Seldom are there times when you are asked “Where were you when this happened”?
The question is typically reserved for the biggest stories or release of information that sticks with someone for the rest of time.
One of those moments came three years ago and has morphed into somewhat of a holiday for Alabama fans at the end of every February.
I am of course referring to the legendary 2nd and 26.
Today is Tua to Smitty Day aka 2nd and 26. Arguably the greatest play in Alabama football history. pic.twitter.com/VbFmGu1n9t
— Touchdown Alabama (@TDAlabamaMag) February 26, 2021
For what feels like a wonderful memory for Alabama fans and a never-ending nightmare for Georgia’s, the relevance of the play is still yet to lose its potency. But for those who may be new to the significance of the game and moment, let’s take a quick trip down memory lane.
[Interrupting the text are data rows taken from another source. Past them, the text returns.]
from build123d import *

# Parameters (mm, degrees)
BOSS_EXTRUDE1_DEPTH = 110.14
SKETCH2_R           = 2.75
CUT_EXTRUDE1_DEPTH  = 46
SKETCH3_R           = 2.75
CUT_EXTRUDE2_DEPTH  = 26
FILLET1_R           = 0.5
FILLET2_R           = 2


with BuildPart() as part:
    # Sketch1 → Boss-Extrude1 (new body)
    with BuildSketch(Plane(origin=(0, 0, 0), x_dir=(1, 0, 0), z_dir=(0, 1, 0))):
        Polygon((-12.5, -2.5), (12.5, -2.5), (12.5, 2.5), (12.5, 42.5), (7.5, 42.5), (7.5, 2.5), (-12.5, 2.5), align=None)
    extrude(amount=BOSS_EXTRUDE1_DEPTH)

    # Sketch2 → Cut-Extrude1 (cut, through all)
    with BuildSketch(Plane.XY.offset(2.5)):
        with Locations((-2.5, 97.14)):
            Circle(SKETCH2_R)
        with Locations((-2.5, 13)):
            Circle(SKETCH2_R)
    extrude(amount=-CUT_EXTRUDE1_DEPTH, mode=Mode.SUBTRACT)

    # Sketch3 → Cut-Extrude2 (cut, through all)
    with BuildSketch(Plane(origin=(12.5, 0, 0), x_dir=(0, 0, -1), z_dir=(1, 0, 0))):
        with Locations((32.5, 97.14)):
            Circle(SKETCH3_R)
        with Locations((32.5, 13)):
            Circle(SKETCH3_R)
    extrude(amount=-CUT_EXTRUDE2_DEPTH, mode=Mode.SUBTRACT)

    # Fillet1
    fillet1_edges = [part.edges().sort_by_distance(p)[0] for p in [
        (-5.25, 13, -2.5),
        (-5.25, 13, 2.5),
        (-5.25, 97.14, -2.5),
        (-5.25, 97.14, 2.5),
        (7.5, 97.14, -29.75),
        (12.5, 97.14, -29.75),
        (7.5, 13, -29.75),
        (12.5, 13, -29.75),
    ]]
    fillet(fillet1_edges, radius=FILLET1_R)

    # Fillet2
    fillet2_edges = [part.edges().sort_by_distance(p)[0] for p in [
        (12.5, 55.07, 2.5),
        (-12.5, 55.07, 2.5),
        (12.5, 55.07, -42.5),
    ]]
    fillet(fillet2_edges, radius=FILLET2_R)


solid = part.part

At the beginning of the game, the offense was playing less than adequate as the second-year starting quarterback Jalen Hurts, who led the team to its second national championship in a row was struggling. By halftime, the outcome was seeming to resemble that of last season’s which ended in a heartbreaking loss to rival Clemson.
With a score of 13-0 favoring the Bulldogs, head coach Nick Saban pulled what would be one of the defining moves in the history of Alabama football. He benched his starting quarterback who had a record 0f 26-2 in favor of a true freshman.
Right when Tagovailoa entered the game, the passing game opened up for the Crimson Tide as the young lefty was fearless in his evaluation of the defense. With his fearlessness came mistakes, such as an early interception. But Tagovailoa brought a calmness to the team, much like the comfort of putting an arm around someone to ease the tension which he did to Saban.
He was able to lead the Tide back to tie the ballgame and force overtime in the grand finale of the season.
A Georgia field goal put them up which gave Alabama the opportunity to win the game with a touchdown.
But once again, the youth of Tagovailoa showed in the big moment as he scrambled backward and took an unnecessary 16-yard sack on the first play of the drive.
Saban was fuming on the sidelines.
Although Tagovailoa was a mere freshman, the 101 course in Nick Saban’s school of quarterbacking is to eliminate needless negative plays altogether. The sack Tagovailoa took was a prime example of what not to do in that situation.
But just as quick as Saban and Crimson Tide fans displayed their yells of anger, they released their cheers of joy as Tagovailoa floated a pass down the left sidelines to a little freshman receiver DeVonta Smith (who went on to have a decent career afterward) for what is arguably the greatest play in Alabama history.
From then on a legend was born, a GOAT was cemented and a new Alabama holiday was created.